Tecnicamente, è e sarà questo il lasciapassare che permetterà ai frontalieri di continuare tranquillamente a entrare e uscire dalla Svizzera con rientro in Lombardia. Salvo, ovviamente, che siano soggetti in quarantena o positivi al virus. A certificare il “pass” è una nota esplicativa al Dpcm pubblicata dal ministero degli Esteri. La Farnesina ha chiarito che gli italiani che lavorano in Svizzera “potranno comprovare il motivo lavorativo dello spostamento con qualsiasi mezzo, inclusa una dichiarazione che potrà essere resa alle forze di polizia in caso di eventuali controlli”. Lo stesso vale per le merci.
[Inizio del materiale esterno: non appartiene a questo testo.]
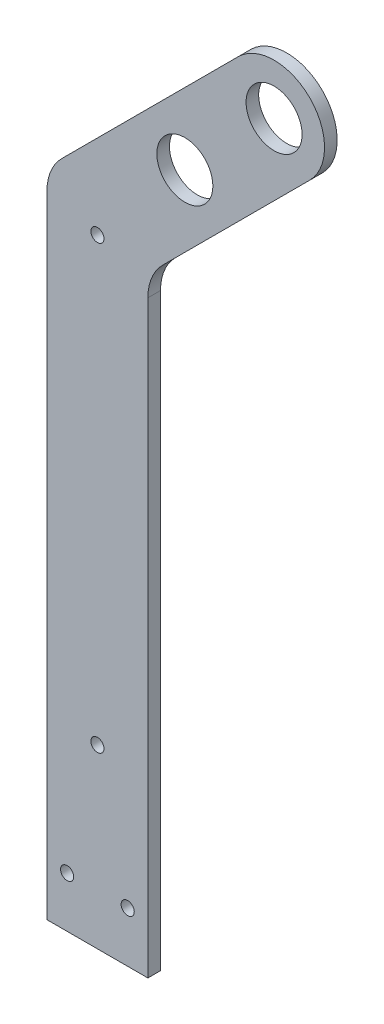
ISO-10303-21;
HEADER;
FILE_DESCRIPTION(('STEP AP214'),'2;1');
FILE_NAME('part.step','',(''),(''),'','','');
FILE_SCHEMA(('AUTOMOTIVE_DESIGN { 1 0 10303 214 1 1 1 1 }'));
ENDSEC;
DATA;
#1=APPLICATION_CONTEXT('core data for automotive mechanical design processes');
#2=APPLICATION_PROTOCOL_DEFINITION('international standard','automotive_design',2000,#1);
#3=PRODUCT_CONTEXT('',#1,'mechanical');
#4=PRODUCT('Part','Part','',(#3));
#5=PRODUCT_RELATED_PRODUCT_CATEGORY('part','',(#4));
#6=PRODUCT_DEFINITION_FORMATION('','',#4);
#7=PRODUCT_DEFINITION_CONTEXT('part definition',#1,'design');
#8=PRODUCT_DEFINITION('design','',#6,#7);
#9=PRODUCT_DEFINITION_SHAPE('','',#8);
#10=(LENGTH_UNIT() NAMED_UNIT(*) SI_UNIT(.MILLI.,.METRE.));
#11=(NAMED_UNIT(*) PLANE_ANGLE_UNIT() SI_UNIT($,.RADIAN.));
#12=(NAMED_UNIT(*) SI_UNIT($,.STERADIAN.) SOLID_ANGLE_UNIT());
#13=UNCERTAINTY_MEASURE_WITH_UNIT(LENGTH_MEASURE(1.E-05),#10,'distance_accuracy_value','');
#14=(GEOMETRIC_REPRESENTATION_CONTEXT(3) GLOBAL_UNCERTAINTY_ASSIGNED_CONTEXT((#13)) GLOBAL_UNIT_ASSIGNED_CONTEXT((#10,
#11,#12)) REPRESENTATION_CONTEXT('',''));
#15=CARTESIAN_POINT('',(0.,0.,0.));
#16=DIRECTION('',(0.,0.,1.));
#17=DIRECTION('',(1.,0.,0.));
#18=AXIS2_PLACEMENT_3D('',#15,#16,#17);
#19=CARTESIAN_POINT('',(-89.9999999999992,-320.,60.));
#20=DIRECTION('',(0.,1.,0.));
#21=DIRECTION('',(0.,0.,1.));
#22=AXIS2_PLACEMENT_3D('',#19,#20,#21);
#23=PLANE('',#22);
#24=DIRECTION('',(1.,0.,0.));
#25=VECTOR('',#24,1.);
#26=CARTESIAN_POINT('',(-89.9999999999992,-320.,5.));
#27=LINE('',#26,#25);
#28=CARTESIAN_POINT('',(-89.9999999999992,-320.,5.));
#29=VERTEX_POINT('',#28);
#30=CARTESIAN_POINT('',(-49.9999999999992,-320.,5.));
#31=VERTEX_POINT('',#30);
#32=EDGE_CURVE('E119',#29,#31,#27,.T.);
#33=ORIENTED_EDGE('',*,*,#32,.F.);
#34=DIRECTION('',(0.,0.,-1.));
#35=VECTOR('',#34,1.);
#36=CARTESIAN_POINT('',(-89.9999999999992,-320.,60.));
#37=LINE('',#36,#35);
#38=CARTESIAN_POINT('',(-89.9999999999992,-320.,0.));
#39=VERTEX_POINT('',#38);
#40=EDGE_CURVE('E130',#29,#39,#37,.T.);
#41=ORIENTED_EDGE('',*,*,#40,.T.);
#42=DIRECTION('',(1.,0.,0.));
#43=VECTOR('',#42,1.);
#44=CARTESIAN_POINT('',(-89.9999999999992,-320.,0.));
#45=LINE('',#44,#43);
#46=CARTESIAN_POINT('',(-49.9999999999992,-320.,0.));
#47=VERTEX_POINT('',#46);
#48=EDGE_CURVE('E221',#39,#47,#45,.T.);
#49=ORIENTED_EDGE('',*,*,#48,.T.);
#50=DIRECTION('',(0.,0.,-1.));
#51=VECTOR('',#50,1.);
#52=CARTESIAN_POINT('',(-49.9999999999992,-320.,60.));
#53=LINE('',#52,#51);
#54=EDGE_CURVE('E132',#31,#47,#53,.T.);
#55=ORIENTED_EDGE('',*,*,#54,.F.);
#56=EDGE_LOOP('',(#33,#41,#49,#55));
#57=FACE_BOUND('',#56,.T.);
#58=ADVANCED_FACE('F49',(#57),#23,.F.);
#59=CARTESIAN_POINT('',(-69.9999999999992,-70.,60.));
#60=DIRECTION('',(0.,0.,-1.));
#61=DIRECTION('',(-1.,0.,0.));
#62=AXIS2_PLACEMENT_3D('',#59,#60,#61);
#63=CYLINDRICAL_SURFACE('',#62,20.);
#64=DIRECTION('',(0.,0.,-1.));
#65=VECTOR('',#64,1.);
#66=CARTESIAN_POINT('',(-89.9999999999992,-70.,60.));
#67=LINE('',#66,#65);
#68=CARTESIAN_POINT('',(-89.9999999999992,-70.,5.));
#69=VERTEX_POINT('',#68);
#70=CARTESIAN_POINT('',(-89.9999999999992,-70.,0.));
#71=VERTEX_POINT('',#70);
#72=EDGE_CURVE('E154',#69,#71,#67,.T.);
#73=ORIENTED_EDGE('',*,*,#72,.F.);
#74=CARTESIAN_POINT('',(-69.9999999999992,-70.,5.));
#75=DIRECTION('',(0.,0.,1.));
#76=DIRECTION('',(1.,0.,0.));
#77=AXIS2_PLACEMENT_3D('',#74,#75,#76);
#78=CIRCLE('',#77,20.);
#79=CARTESIAN_POINT('',(-84.1421356237303,-55.8578643762691,5.));
#80=VERTEX_POINT('',#79);
#81=EDGE_CURVE('E121',#69,#80,#78,.F.);
#82=ORIENTED_EDGE('',*,*,#81,.T.);
#83=DIRECTION('',(0.,0.,-1.));
#84=VECTOR('',#83,1.);
#85=CARTESIAN_POINT('',(-84.1421356237303,-55.8578643762691,60.));
#86=LINE('',#85,#84);
#87=CARTESIAN_POINT('',(-84.1421356237303,-55.8578643762691,0.));
#88=VERTEX_POINT('',#87);
#89=EDGE_CURVE('E163',#88,#80,#86,.F.);
#90=ORIENTED_EDGE('',*,*,#89,.F.);
#91=CARTESIAN_POINT('',(-69.9999999999992,-70.,0.));
#92=DIRECTION('',(0.,0.,1.));
#93=DIRECTION('',(1.,0.,0.));
#94=AXIS2_PLACEMENT_3D('',#91,#92,#93);
#95=CIRCLE('',#94,20.);
#96=EDGE_CURVE('E161',#71,#88,#95,.F.);
#97=ORIENTED_EDGE('',*,*,#96,.F.);
#98=EDGE_LOOP('',(#73,#82,#90,#97));
#99=FACE_BOUND('',#98,.T.);
#100=ADVANCED_FACE('F248',(#99),#63,.T.);
#101=CARTESIAN_POINT('',(-35.3553390593274,-35.3553390593274,-40.));
#102=DIRECTION('',(0.,0.,1.));
#103=DIRECTION('',(1.,0.,0.));
#104=AXIS2_PLACEMENT_3D('',#101,#102,#103);
#105=CYLINDRICAL_SURFACE('',#104,11.1);
#106=CARTESIAN_POINT('',(-35.3553390593274,-35.3553390593274,0.));
#107=DIRECTION('',(0.,0.,1.));
#108=DIRECTION('',(1.,0.,0.));
#109=AXIS2_PLACEMENT_3D('',#106,#107,#108);
#110=CIRCLE('',#109,11.1);
#111=CARTESIAN_POINT('',(-24.2553390593274,-35.3553390593274,0.));
#112=VERTEX_POINT('',#111);
#113=EDGE_CURVE('E155',#112,#112,#110,.T.);
#114=ORIENTED_EDGE('',*,*,#113,.F.);
#115=EDGE_LOOP('',(#114));
#116=FACE_BOUND('',#115,.T.);
#117=CARTESIAN_POINT('',(-35.3553390593274,-35.3553390593274,5.));
#118=DIRECTION('',(0.,0.,1.));
#119=DIRECTION('',(1.,0.,0.));
#120=AXIS2_PLACEMENT_3D('',#117,#118,#119);
#121=CIRCLE('',#120,11.1);
#122=CARTESIAN_POINT('',(-24.2553390593274,-35.3553390593274,5.));
#123=VERTEX_POINT('',#122);
#124=EDGE_CURVE('E133',#123,#123,#121,.F.);
#125=ORIENTED_EDGE('',*,*,#124,.F.);
#126=EDGE_LOOP('',(#125));
#127=FACE_BOUND('',#126,.T.);
#128=ADVANCED_FACE('F253',(#116,#127),#105,.F.);
#129=CARTESIAN_POINT('',(-69.9999999999992,-250.,-5.));
#130=DIRECTION('',(0.,0.,1.));
#131=DIRECTION('',(1.,0.,0.));
#132=AXIS2_PLACEMENT_3D('',#129,#130,#131);
#133=CYLINDRICAL_SURFACE('',#132,2.6);
#134=CARTESIAN_POINT('',(-69.9999999999992,-250.,0.));
#135=DIRECTION('',(0.,0.,1.));
#136=DIRECTION('',(1.,0.,0.));
#137=AXIS2_PLACEMENT_3D('',#134,#135,#136);
#138=CIRCLE('',#137,2.6);
#139=CARTESIAN_POINT('',(-67.3999999999992,-250.,0.));
#140=VERTEX_POINT('',#139);
#141=EDGE_CURVE('E169',#140,#140,#138,.T.);
#142=ORIENTED_EDGE('',*,*,#141,.F.);
#143=EDGE_LOOP('',(#142));
#144=FACE_BOUND('',#143,.T.);
#145=CARTESIAN_POINT('',(-69.9999999999992,-250.,5.));
#146=DIRECTION('',(0.,0.,1.));
#147=DIRECTION('',(1.,0.,0.));
#148=AXIS2_PLACEMENT_3D('',#145,#146,#147);
#149=CIRCLE('',#148,2.6);
#150=CARTESIAN_POINT('',(-67.3999999999992,-250.,5.));
#151=VERTEX_POINT('',#150);
#152=EDGE_CURVE('E186',#151,#151,#149,.F.);
#153=ORIENTED_EDGE('',*,*,#152,.F.);
#154=EDGE_LOOP('',(#153));
#155=FACE_BOUND('',#154,.T.);
#156=ADVANCED_FACE('F181',(#144,#155),#133,.F.);
#157=CARTESIAN_POINT('',(-69.9999999999992,-75.,-5.));
#158=DIRECTION('',(0.,0.,1.));
#159=DIRECTION('',(1.,0.,0.));
#160=AXIS2_PLACEMENT_3D('',#157,#158,#159);
#161=CYLINDRICAL_SURFACE('',#160,2.6);
#162=CARTESIAN_POINT('',(-69.9999999999992,-75.,0.));
#163=DIRECTION('',(0.,0.,1.));
#164=DIRECTION('',(1.,0.,0.));
#165=AXIS2_PLACEMENT_3D('',#162,#163,#164);
#166=CIRCLE('',#165,2.6);
#167=CARTESIAN_POINT('',(-67.3999999999992,-75.,0.));
#168=VERTEX_POINT('',#167);
#169=EDGE_CURVE('E159',#168,#168,#166,.T.);
#170=ORIENTED_EDGE('',*,*,#169,.F.);
#171=EDGE_LOOP('',(#170));
#172=FACE_BOUND('',#171,.T.);
#173=CARTESIAN_POINT('',(-69.9999999999992,-75.,5.));
#174=DIRECTION('',(0.,0.,1.));
#175=DIRECTION('',(1.,0.,0.));
#176=AXIS2_PLACEMENT_3D('',#173,#174,#175);
#177=CIRCLE('',#176,2.6);
#178=CARTESIAN_POINT('',(-67.3999999999992,-75.,5.));
#179=VERTEX_POINT('',#178);
#180=EDGE_CURVE('E53',#179,#179,#177,.F.);
#181=ORIENTED_EDGE('',*,*,#180,.F.);
#182=EDGE_LOOP('',(#181));
#183=FACE_BOUND('',#182,.T.);
#184=ADVANCED_FACE('F178',(#172,#183),#161,.F.);
#185=CARTESIAN_POINT('',(0.,0.,0.));
#186=DIRECTION('',(0.,0.,1.));
#187=DIRECTION('',(1.,0.,0.));
#188=AXIS2_PLACEMENT_3D('',#185,#186,#187);
#189=PLANE('',#188);
#190=ORIENTED_EDGE('',*,*,#169,.T.);
#191=EDGE_LOOP('',(#190));
#192=FACE_BOUND('',#191,.T.);
#193=ORIENTED_EDGE('',*,*,#141,.T.);
#194=EDGE_LOOP('',(#193));
#195=FACE_BOUND('',#194,.T.);
#196=ORIENTED_EDGE('',*,*,#113,.T.);
#197=EDGE_LOOP('',(#196));
#198=FACE_BOUND('',#197,.T.);
#199=DIRECTION('',(0.,-1.,0.));
#200=VECTOR('',#199,1.);
#201=CARTESIAN_POINT('',(-89.9999999999992,-61.7157287525382,0.));
#202=LINE('',#201,#200);
#203=EDGE_CURVE('E138',#71,#39,#202,.T.);
#204=ORIENTED_EDGE('',*,*,#203,.F.);
#205=ORIENTED_EDGE('',*,*,#96,.T.);
#206=DIRECTION('',(-0.707106781186544,-0.707106781186551,0.));
#207=VECTOR('',#206,1.);
#208=CARTESIAN_POINT('',(-14.142135623731,14.1421356237309,0.));
#209=LINE('',#208,#207);
#210=CARTESIAN_POINT('',(-14.142135623731,14.1421356237309,0.));
#211=VERTEX_POINT('',#210);
#212=EDGE_CURVE('E144',#211,#88,#209,.T.);
#213=ORIENTED_EDGE('',*,*,#212,.F.);
#214=CARTESIAN_POINT('',(0.,0.,0.));
#215=DIRECTION('',(0.,0.,1.));
#216=DIRECTION('',(1.,0.,0.));
#217=AXIS2_PLACEMENT_3D('',#214,#215,#216);
#218=CIRCLE('',#217,20.);
#219=CARTESIAN_POINT('',(14.142135623731,-14.1421356237309,0.));
#220=VERTEX_POINT('',#219);
#221=EDGE_CURVE('E151',#220,#211,#218,.T.);
#222=ORIENTED_EDGE('',*,*,#221,.F.);
#223=DIRECTION('',(-0.707106781186544,-0.707106781186551,0.));
#224=VECTOR('',#223,1.);
#225=CARTESIAN_POINT('',(14.142135623731,-14.1421356237309,0.));
#226=LINE('',#225,#224);
#227=CARTESIAN_POINT('',(-44.1421356237302,-72.4264068711928,0.));
#228=VERTEX_POINT('',#227);
#229=EDGE_CURVE('E158',#220,#228,#226,.T.);
#230=ORIENTED_EDGE('',*,*,#229,.T.);
#231=CARTESIAN_POINT('',(-29.9999999999992,-86.5685424949237,0.));
#232=DIRECTION('',(0.,0.,1.));
#233=DIRECTION('',(1.,0.,0.));
#234=AXIS2_PLACEMENT_3D('',#231,#232,#233);
#235=CIRCLE('',#234,20.);
#236=CARTESIAN_POINT('',(-49.9999999999992,-86.5685424949237,0.));
#237=VERTEX_POINT('',#236);
#238=EDGE_CURVE('E12',#228,#237,#235,.T.);
#239=ORIENTED_EDGE('',*,*,#238,.T.);
#240=DIRECTION('',(0.,-1.,0.));
#241=VECTOR('',#240,1.);
#242=CARTESIAN_POINT('',(-49.9999999999992,-78.2842712474618,0.));
#243=LINE('',#242,#241);
#244=EDGE_CURVE('E219',#237,#47,#243,.T.);
#245=ORIENTED_EDGE('',*,*,#244,.T.);
#246=ORIENTED_EDGE('',*,*,#48,.F.);
#247=EDGE_LOOP('',(#204,#205,#213,#222,#230,#239,#245,#246));
#248=FACE_BOUND('',#247,.T.);
#249=CARTESIAN_POINT('',(0.,0.,0.));
#250=DIRECTION('',(0.,0.,1.));
#251=DIRECTION('',(1.,0.,0.));
#252=AXIS2_PLACEMENT_3D('',#249,#250,#251);
#253=CIRCLE('',#252,11.1);
#254=CARTESIAN_POINT('',(11.1,0.,0.));
#255=VERTEX_POINT('',#254);
#256=EDGE_CURVE('E148',#255,#255,#253,.T.);
#257=ORIENTED_EDGE('',*,*,#256,.T.);
#258=EDGE_LOOP('',(#257));
#259=FACE_BOUND('',#258,.T.);
#260=CARTESIAN_POINT('',(-57.9999999999992,-300.,0.));
#261=DIRECTION('',(0.,0.,1.));
#262=DIRECTION('',(1.,0.,0.));
#263=AXIS2_PLACEMENT_3D('',#260,#261,#262);
#264=CIRCLE('',#263,2.59999999999999);
#265=CARTESIAN_POINT('',(-55.3999999999992,-300.,0.));
#266=VERTEX_POINT('',#265);
#267=EDGE_CURVE('E212',#266,#266,#264,.F.);
#268=ORIENTED_EDGE('',*,*,#267,.F.);
#269=EDGE_LOOP('',(#268));
#270=FACE_BOUND('',#269,.T.);
#271=CARTESIAN_POINT('',(-81.9999999999992,-300.,0.));
#272=DIRECTION('',(0.,0.,1.));
#273=DIRECTION('',(1.,0.,0.));
#274=AXIS2_PLACEMENT_3D('',#271,#272,#273);
#275=CIRCLE('',#274,2.6);
#276=CARTESIAN_POINT('',(-79.3999999999992,-300.,0.));
#277=VERTEX_POINT('',#276);
#278=EDGE_CURVE('E171',#277,#277,#275,.F.);
#279=ORIENTED_EDGE('',*,*,#278,.F.);
#280=EDGE_LOOP('',(#279));
#281=FACE_BOUND('',#280,.T.);
#282=ADVANCED_FACE('F175',(#192,#195,#198,#248,#259,#270,#281),#189,.F.);
#283=CARTESIAN_POINT('',(-89.9999999999992,-61.7157287525382,60.));
#284=DIRECTION('',(1.,0.,0.));
#285=DIRECTION('',(0.,1.,0.));
#286=AXIS2_PLACEMENT_3D('',#283,#284,#285);
#287=PLANE('',#286);
#288=ORIENTED_EDGE('',*,*,#203,.T.);
#289=ORIENTED_EDGE('',*,*,#40,.F.);
#290=DIRECTION('',(0.,1.,0.));
#291=VECTOR('',#290,1.);
#292=CARTESIAN_POINT('',(-89.9999999999992,-370.,5.));
#293=LINE('',#292,#291);
#294=EDGE_CURVE('E115',#29,#69,#293,.T.);
#295=ORIENTED_EDGE('',*,*,#294,.T.);
#296=ORIENTED_EDGE('',*,*,#72,.T.);
#297=EDGE_LOOP('',(#288,#289,#295,#296));
#298=FACE_BOUND('',#297,.T.);
#299=ADVANCED_FACE('F136',(#298),#287,.F.);
#300=CARTESIAN_POINT('',(-14.142135623731,14.1421356237309,60.));
#301=DIRECTION('',(0.707106781186551,-0.707106781186544,0.));
#302=DIRECTION('',(0.707106781186544,0.707106781186551,0.));
#303=AXIS2_PLACEMENT_3D('',#300,#301,#302);
#304=PLANE('',#303);
#305=DIRECTION('',(-0.707106781186544,-0.707106781186551,0.));
#306=VECTOR('',#305,1.);
#307=CARTESIAN_POINT('',(-14.142135623731,14.1421356237309,5.));
#308=LINE('',#307,#306);
#309=CARTESIAN_POINT('',(-14.142135623731,14.1421356237309,5.));
#310=VERTEX_POINT('',#309);
#311=EDGE_CURVE('E66',#310,#80,#308,.T.);
#312=ORIENTED_EDGE('',*,*,#311,.F.);
#313=DIRECTION('',(0.,0.,-1.));
#314=VECTOR('',#313,1.);
#315=CARTESIAN_POINT('',(-14.142135623731,14.1421356237309,60.));
#316=LINE('',#315,#314);
#317=EDGE_CURVE('E140',#310,#211,#316,.T.);
#318=ORIENTED_EDGE('',*,*,#317,.T.);
#319=ORIENTED_EDGE('',*,*,#212,.T.);
#320=ORIENTED_EDGE('',*,*,#89,.T.);
#321=EDGE_LOOP('',(#312,#318,#319,#320));
#322=FACE_BOUND('',#321,.T.);
#323=ADVANCED_FACE('F269',(#322),#304,.F.);
#324=CARTESIAN_POINT('',(0.,0.,60.));
#325=DIRECTION('',(0.,0.,-1.));
#326=DIRECTION('',(-1.,0.,0.));
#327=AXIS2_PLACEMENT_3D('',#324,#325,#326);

Anche su questo punto i rappresentanti del mondo imprenditoriale, in primis Carlo Bonomi, presidente di Assolombarda, sono stati espliciti nel chiedere al governo di “garantire e favorire la libera circolazione delle merci in entrata e in uscita dalle vaste aree interdette in cui si originano quote decisive del Pil, del lavoro e dell’export italiano”.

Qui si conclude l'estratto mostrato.